Selina glared a glare of absolute contempt, and Jean Paul thought of a different detail to have noticed.

“And not so good at the stealing, either.  She didn’t disable the cameras or anything.”

Selina flexed her fingers and Jean Paul gulped.  The gesture was most eloquent, even though there were no claws there: something needed to be shredded.  Preferably something that would scream.

“I, I jus’thought,” he stammered—when Bruce burst into the room, seized his collar, pulled him from the chair and slammed him against the wall.

“What happened?  How many hurt?  What triggered it?  What part of town?  Who was there?  Who else knows?”

“HEY!” Selina cut in, “Excuse me, I think this is my meeting, and if anybody is going to claw some answers out of the pheromonially-challenged mouse, it’s going to be me.  So take a number.”  She turned to Jean Paul without breaking for air and started her own barrage of questions: “Where was this fake Catwoman?  What was she after?  How did she go about breaking in?  Why didn’t she disable the cameras?  What did she say?  How did she fight—”

“Kitten,” Bruce started to say, still clenching Jean Paul’s shirt in his fist, “Do you mind, this is import—WAITAMINUTE, a fake Catwoman!?!”

“Ye-es,” Selina answered in a mocking singsong that erased all doubt that the good mood of the morning was a distant memory.  As she went on, Bruce found her tone disconcertingly familiar. It harkened back to the old days on rooftops, telling Batman to back off. “Was working on that before you came barging in, so barge the hell out so I can get on with it!”

“I really do think she can be more help,” Jean Paul added meekly.  “Maybe work together, with Az, I mean, on finding this imposter.  If we can just convince him Catwoman—real Catwoman, I mean, Selina—isn’t involved, I think he’ll have to realize you have a right to help take down the copycat.  Right?”

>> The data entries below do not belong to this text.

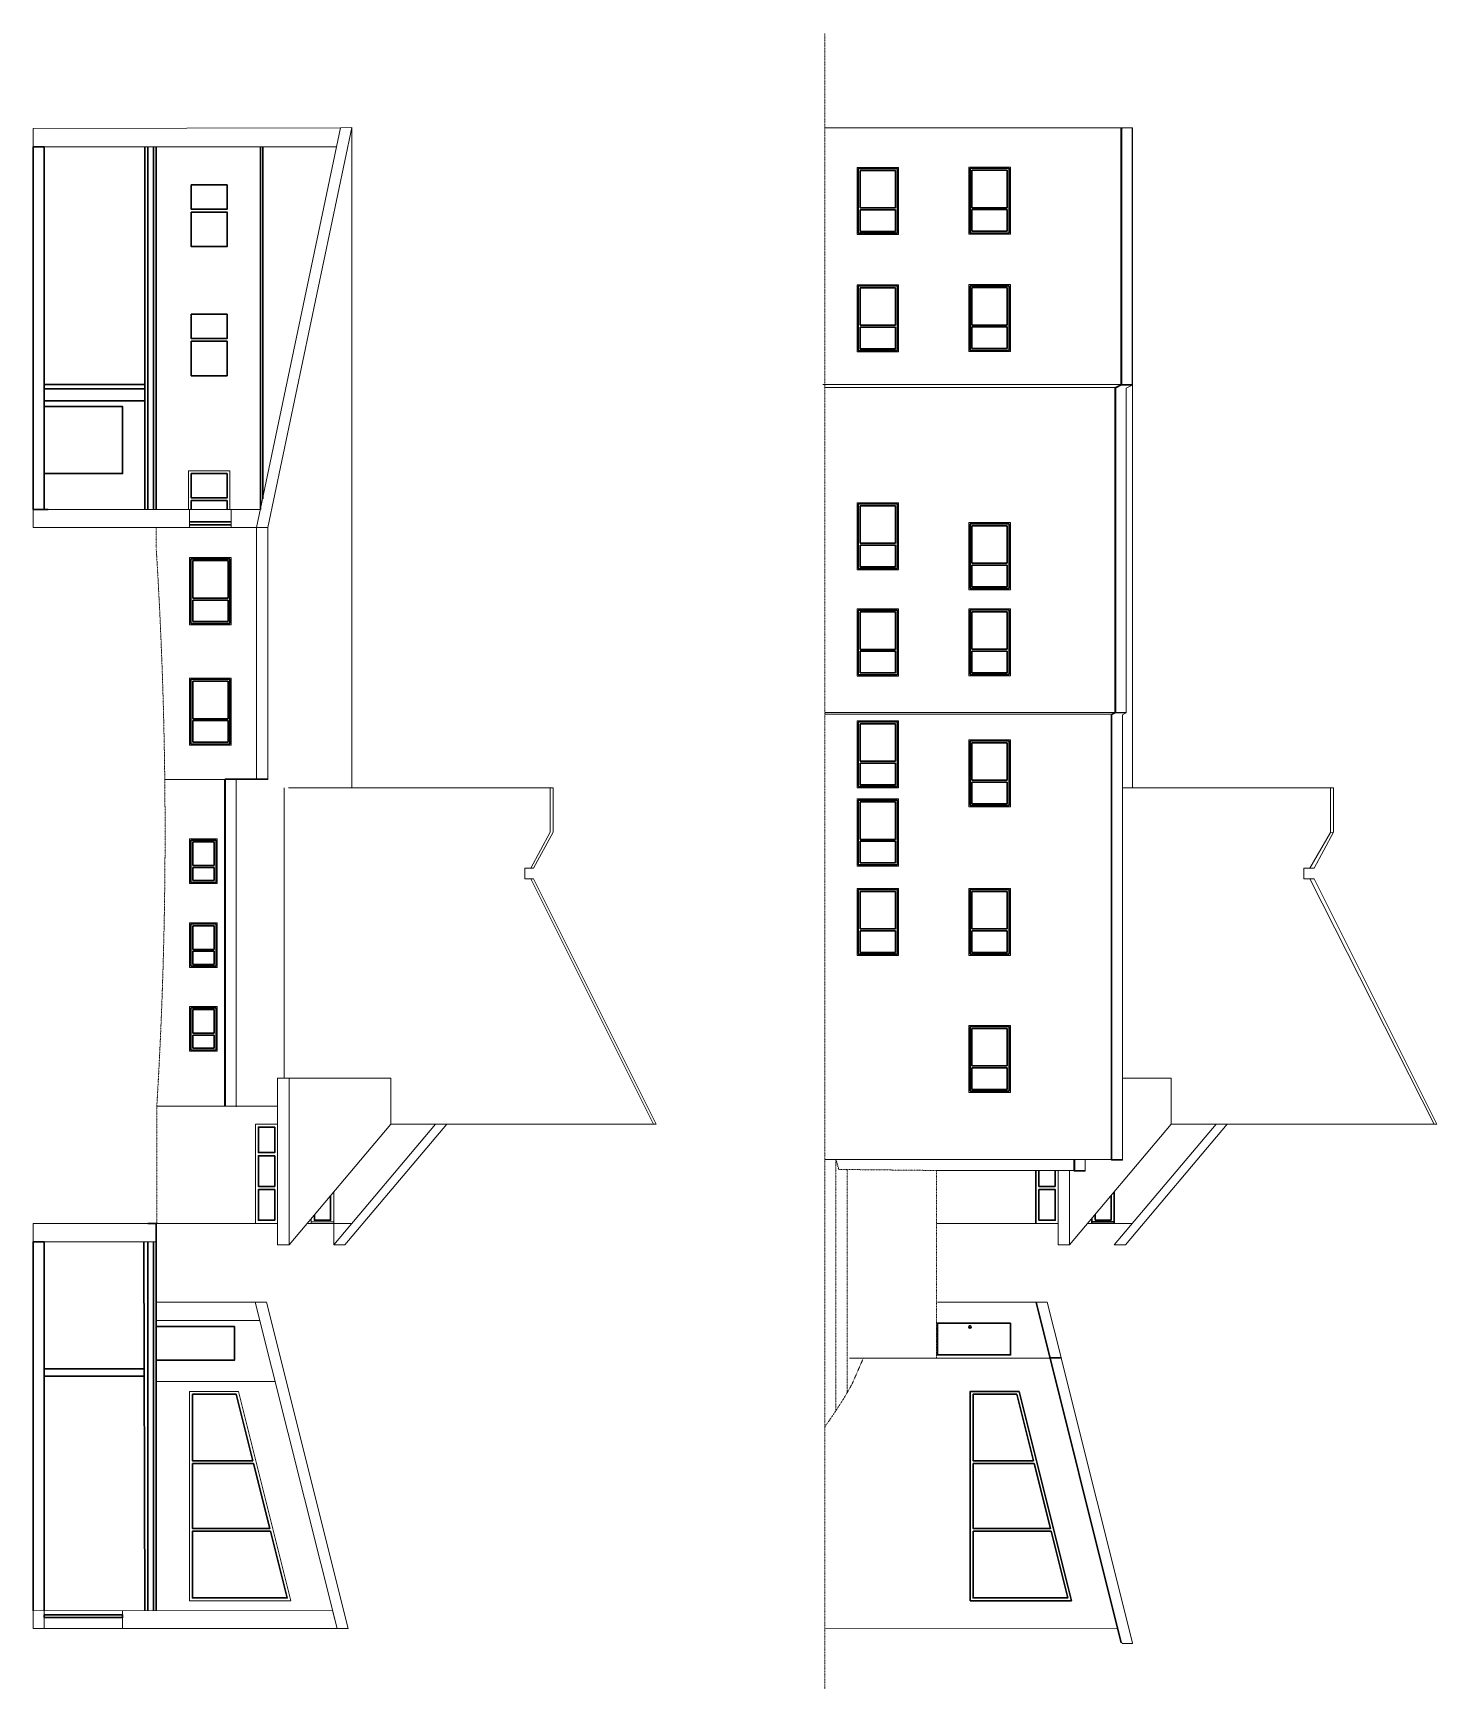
# Model space of a CAD drawing. Header units: inches. Extents: x -3224 to 2593, y -3513 to 2631.
# Drawn here: x -3224 to -1717, y 44 to 1822 of the extents above; entities that cross this region are included whole.
import ezdxf

# ---------------------------------------------------------------- set-up
doc = ezdxf.new("R2010")
doc.units = ezdxf.units.IN
doc.header["$MEASUREMENT"] = 0
doc.linetypes.add('Dash 1_16_', pattern=[0.125, 0.0625, -0.0625])
for name, color, linetype, lineweight in [('A-CLNG', 13, 'Continuous', 30), ('A-DOOR', 31, 'Continuous', 30), ('A-FLOR', 140, 'Continuous', 30), ('A-GLAZ', 151, 'Continuous', 30), ('A-ROOF', 132, 'Continuous', 13), ('A-ROOF-OTLN', 132, 'Continuous', 9), ('A-WALL', 113, 'Continuous', 13), ('C-BLDG-PADS', 91, 'Continuous', 30), ('C-TOPO', 7, 'Dash 1_16_', 9), ('I-WALL', 2, 'Continuous', 30)]:
    doc.layers.add(name, color=color, linetype=linetype, lineweight=lineweight)

# ---------------------------------------------------------------- blocks, each defined once
blk = doc.blocks.new('Golden Proportion - Wood 6_w-136416-Section 2')
at = {"layer": 'A-GLAZ', "color": 50}
for p, q in [((-322.2, 199.2), (-322.2, 157.3)), ((-322.2, 199.2), (-252.7, 199.2)), ((-320.2, 159.3), (-320.2, 197.2)), ((-320.2, 197.2), (-279.9, 197.2)), ((-279.9, 197.2), (-279.9, 159.3)), ((-277.9, 159.3), (-277.9, 197.2)), ((-277.9, 197.2), (-254.7, 197.2)), ((-254.7, 197.2), (-254.7, 159.3)), ((-252.7, 157.3), (-252.7, 199.2)), ((-322.2, 157.3), (-252.7, 157.3)), ((-279.9, 159.3), (-320.2, 159.3)), ((-254.7, 159.3), (-277.9, 159.3))]:
    blk.add_line(p, q, dxfattribs=at)
blk = doc.blocks.new('Golden Proportion - Wood 4_w-136637-Section 2')
at = {"layer": 'A-GLAZ', "color": 50}
for p, q in [((-20.2, 184.4), (-20.2, 157.2)), ((-20.2, 184.4), (25.3, 184.4)), ((-18.2, 159.3), (-18.2, 182.4)), ((-18.2, 182.4), (7.3, 182.4)), ((7.3, 182.4), (7.3, 159.3)), ((9.3, 159.3), (9.3, 182.4)), ((9.3, 182.4), (23.3, 182.4)), ((23.3, 182.4), (23.3, 159.3)), ((25.3, 157.2), (25.3, 184.4)), ((-20.2, 157.2), (25.3, 157.2)), ((7.3, 159.3), (-18.2, 159.3)), ((23.3, 159.3), (9.3, 159.3))]:
    blk.add_line(p, q, dxfattribs=at)
blk = doc.blocks.new('Golden Proportion - Wood 6_w-135343-South')
at = {"layer": 'A-GLAZ', "color": 8}
for p, q in [((-741.2, 55.2), (-741.2, 13.2)), ((-741.2, 55.2), (-671.7, 55.2)), ((-671.7, 13.2), (-671.7, 55.2)), ((-739.2, 15.2), (-739.2, 53.2)), ((-739.2, 53.2), (-698.9, 53.2)), ((-698.9, 53.2), (-698.9, 15.2)), ((-696.9, 15.2), (-696.9, 53.2)), ((-696.9, 53.2), (-673.7, 53.2)), ((-673.7, 53.2), (-673.7, 15.2)), ((-741.2, 13.2), (-671.7, 13.2)), ((-698.9, 15.2), (-739.2, 15.2)), ((-673.7, 15.2), (-696.9, 15.2))]:
    blk.add_line(p, q, dxfattribs=at)

msp = doc.modelspace()

# ---------------------------------------------------------------- linework, layer by layer
at = {"layer": 'A-CLNG'}
for p, q in [((-3104.1, 1699.8), (-3104.1, 1310.4)), ((-3100.9, 1310.4), (-3100.9, 1699.9)), ((-2979.7, 1699.8), (-2979.7, 1310.3)), ((-2977.5, 1321.8), (-2977.5, 1699.8)), ((-3104.1, 128.1), (-3105, 524)), ((-3100.9, 524), (-3100.9, 128.1))]:
    msp.add_line(p, q, dxfattribs=at)
at = {"layer": 'A-DOOR'}
for points in [[(-3212.1, 1420.7), (-3212.1, 1348.8), (-3128, 1348.8), (-3128, 1420.7)], [(-3007.9, 432.9), (-3007.9, 396.9), (-3091.9, 396.9), (-3091.9, 432.9)], [(-2174.4, 436.6), (-2174.4, 402.6), (-2252.9, 402.6), (-2252.9, 436.6)], [(-3128, 123.6), (-3128, 120.6), (-3212.1, 120.6), (-3212.1, 123.6)]]:
    msp.add_lwpolyline(points, close=True, dxfattribs=at)
msp.add_circle((-2218.1, 432.7), 1.28, dxfattribs=at)
at = {"layer": 'A-FLOR'}
for p, q in [((-3094.9, 1699.9), (-3094.9, 1310.3)), ((-3091.9, 1699.9), (-3091.9, 1310.3)), ((-3091.1, 543.7), (-3100.9, 543.7)), ((-3091.9, 543.9), (-3091.9, 128.1)), ((-3094.9, 128.1), (-3094.9, 524))]:
    msp.add_line(p, q, dxfattribs=at)
at = {"layer": 'A-GLAZ'}
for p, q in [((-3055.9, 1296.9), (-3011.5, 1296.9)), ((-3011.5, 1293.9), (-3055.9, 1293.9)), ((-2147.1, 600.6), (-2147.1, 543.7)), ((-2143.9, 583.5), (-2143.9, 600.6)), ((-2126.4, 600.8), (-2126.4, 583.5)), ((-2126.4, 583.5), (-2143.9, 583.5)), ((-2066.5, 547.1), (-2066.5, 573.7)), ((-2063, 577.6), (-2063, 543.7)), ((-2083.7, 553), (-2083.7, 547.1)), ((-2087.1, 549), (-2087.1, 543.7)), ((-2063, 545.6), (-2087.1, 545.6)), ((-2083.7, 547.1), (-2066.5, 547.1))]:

Bruce looked from one to the other.  “I want a report every fifteen minutes,” he barked finally, turning to go.  Then he stopped and turned back. 

Of course. 

His eyes met Selina’s.

“Talia was bound to try something,” he said flatly.  “This is it.”

“I don’t understand,” Jean Paul said, “Talia Head?  Why would she want to send Az into a death spiral?”

“This started off such a good day,” Selina complained.  “I had cat powers.”